The limitations period begins when a claim accrues. Petersen v. Bruen, 792 P.2d 18, 20 (Nev. 1990). A claim accrues when "the wrong occurs and a party sustains injuries for which relief could be sought." Id.; see also State ex rel. Dept. of Transp. v. Public Employees Ret. Sys. of Nevada, 83 P.3d 815, 817 (Nev. 2004) (stating that a claim accrues when "a suit may be maintained thereon"). Some claims are governed by a discovery rule which tolls the limitations period "until the injured party discovers or reasonable should have discovered facts supporting" a claim. Petersen, 792 P.2d at 20. The court again delineates the claims based on the two main allegations.
1. Claims arising out of PHH's Oral Promise not to Foreclose on the First Deed of Trust
Defendants assert that the Songs' claims accrued on February 14, 2013. (ECF No. 64 at 7-10). This is when they were "put on notice" that "foreclosure proceedings were moving forward" on the first deed of trust. (ECF No. 72 at 3). A letter dated February 14, 2013 from PHH to the Songs—which they recorded with the 2011 settlement agreement—reveals that they sought loss mitigation assistance as early as November 20, 2012 "because a foreclosure of the first lien was pending." (ECF No. 64-6 at 12). In that same letter, "PHH acknowledged receipt of a February 11, 2013 request by the Songs for a review for loss mitigation assistance." (ECF No. 64 at 8 (internal quotation marks omitted)). In other words, the Songs knew that PHH was foreclosing on the first deed of trust—in breach of its oral promise not to do so—as early as November 20, 2012 and surely by February 14, 2013. (Id.). And the Ninth Circuit held that the court did not abuse its discretion in denying a preliminary injunction when it ruled that "the Songs' claims had accrued by February 2013, more than five years before the Songs initiated suit." (Mem., ECF No. 47 at 2).
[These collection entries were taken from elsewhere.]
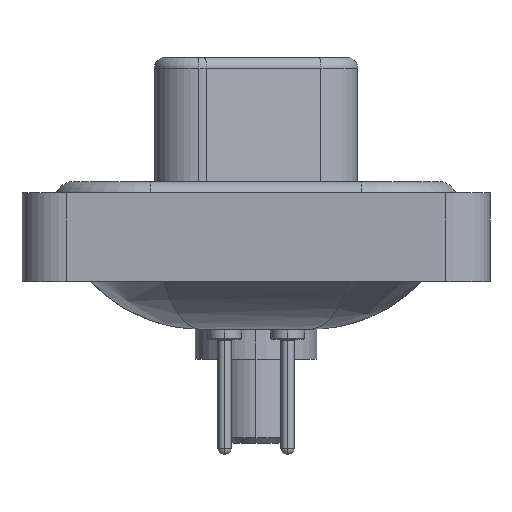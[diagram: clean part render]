
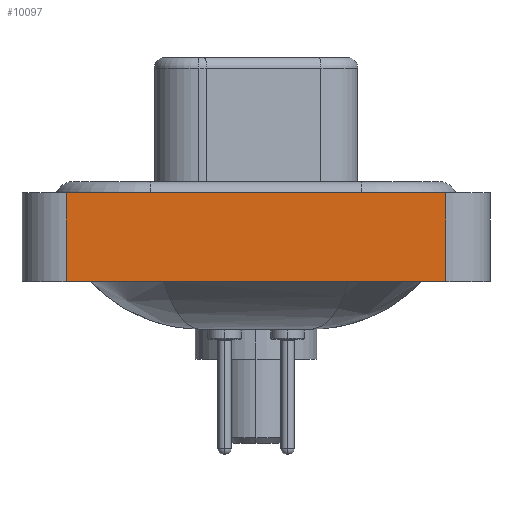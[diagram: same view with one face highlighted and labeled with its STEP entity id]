
A CAD part, left-side view. The second image highlights one B-rep face of the part: STEP entity #10097.
In plain terms, the highlighted planar face has unit normal (-1, 0, 0).
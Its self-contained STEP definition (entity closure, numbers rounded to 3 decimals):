
#359 = VERTEX_POINT ( 'NONE', #10891 ) ;
#409 = EDGE_CURVE ( 'NONE', #18473, #18297, #7762, .T. ) ;
#571 = CARTESIAN_POINT ( 'NONE',  ( -7.3, -8.55, -3.6 ) ) ;
#657 = ORIENTED_EDGE ( 'NONE', *, *, #18215, .F. ) ;
#673 = DIRECTION ( 'NONE',  ( 0., -1., 0. ) ) ;
#2092 = EDGE_CURVE ( 'NONE', #18473, #10842, #4914, .T. ) ;
#2693 = LINE ( 'NONE', #17079, #19026 ) ;
#3356 = DIRECTION ( 'NONE',  ( -1., 0., 0. ) ) ;
#3822 = CARTESIAN_POINT ( 'NONE',  ( -7.3, -8.55, 0.4 ) ) ;
#4914 = LINE ( 'NONE', #12804, #13427 ) ;
#5536 = CARTESIAN_POINT ( 'NONE',  ( -7.3, 8.55, 0.4 ) ) ;
#7265 = EDGE_CURVE ( 'NONE', #18297, #359, #2693, .T. ) ;
#7762 = LINE ( 'NONE', #19879, #14643 ) ;
#8144 = CARTESIAN_POINT ( 'NONE',  ( -7.3, -8.55, -3.6 ) ) ;
#8604 = VECTOR ( 'NONE', #673, 1000. ) ;
#8747 = AXIS2_PLACEMENT_3D ( 'NONE', #8144, #3356, #11285 ) ;
#10097 = ADVANCED_FACE ( 'NONE', ( #17545 ), #18891, .T. ) ;
#10842 = VERTEX_POINT ( 'NONE', #5536 ) ;
#10891 = CARTESIAN_POINT ( 'NONE',  ( -7.3, -8.55, 0.4 ) ) ;
#10975 = ORIENTED_EDGE ( 'NONE', *, *, #2092, .F. ) ;
#11285 = DIRECTION ( 'NONE',  ( 0., 0., 1. ) ) ;
#12353 = CARTESIAN_POINT ( 'NONE',  ( -7.3, 8.55, -3.6 ) ) ;
#12804 = CARTESIAN_POINT ( 'NONE',  ( -7.3, 8.55, -3.6 ) ) ;
#13427 = VECTOR ( 'NONE', #14272, 1000. ) ;
#13634 = DIRECTION ( 'NONE',  ( 0., -1., 0. ) ) ;
#13747 = DIRECTION ( 'NONE',  ( 0., 0., 1. ) ) ;
#14272 = DIRECTION ( 'NONE',  ( 0., 0., 1. ) ) ;
#14406 = ORIENTED_EDGE ( 'NONE', *, *, #7265, .T. ) ;
#14643 = VECTOR ( 'NONE', #13634, 1000. ) ;
#14857 = LINE ( 'NONE', #3822, #8604 ) ;
#16271 = ORIENTED_EDGE ( 'NONE', *, *, #409, .T. ) ;
#17079 = CARTESIAN_POINT ( 'NONE',  ( -7.3, -8.55, -3.6 ) ) ;
#17545 = FACE_OUTER_BOUND ( 'NONE', #19580, .T. ) ;
#18215 = EDGE_CURVE ( 'NONE', #10842, #359, #14857, .T. ) ;
#18297 = VERTEX_POINT ( 'NONE', #571 ) ;
#18473 = VERTEX_POINT ( 'NONE', #12353 ) ;
#18891 = PLANE ( 'NONE',  #8747 ) ;
#19026 = VECTOR ( 'NONE', #13747, 1000. ) ;
#19580 = EDGE_LOOP ( 'NONE', ( #14406, #657, #10975, #16271 ) ) ;
#19879 = CARTESIAN_POINT ( 'NONE',  ( -7.3, -8.55, -3.6 ) ) ;

The Songs assert that their claims accrued on March 16, 2017. This is when PHH filed a fourth and final notice of default. (ECF No. 66 at 7). Defendants always rescinded any prior notices of default and would halt their foreclosure efforts. (Id. at 6 ("Defendants rescinded their efforts to foreclose . . . at least three times during the last eight years.")). In fact, defendants "rescinded their notice of default a mere month after sending the [February 14, 2013] letter." (Id. at 7). The March 2017 fourth notice of default is the "only notice of default that defendants have attempted" to foreclose on after the 2011 settlement agreement and oral promise. (Id. at 6-7). And in affirming dismissal of the declaratory judgment claim, the Ninth Circuit purportedly noted that the Songs' claims accrued with the March 2017 fourth notice of default. (ECF No. 60 at 3). At bottom, the Songs say if they sued before March 2017, "there would be no cause of action to maintain because there would not have been any damages whatsoever." (ECF No. 66 at 6).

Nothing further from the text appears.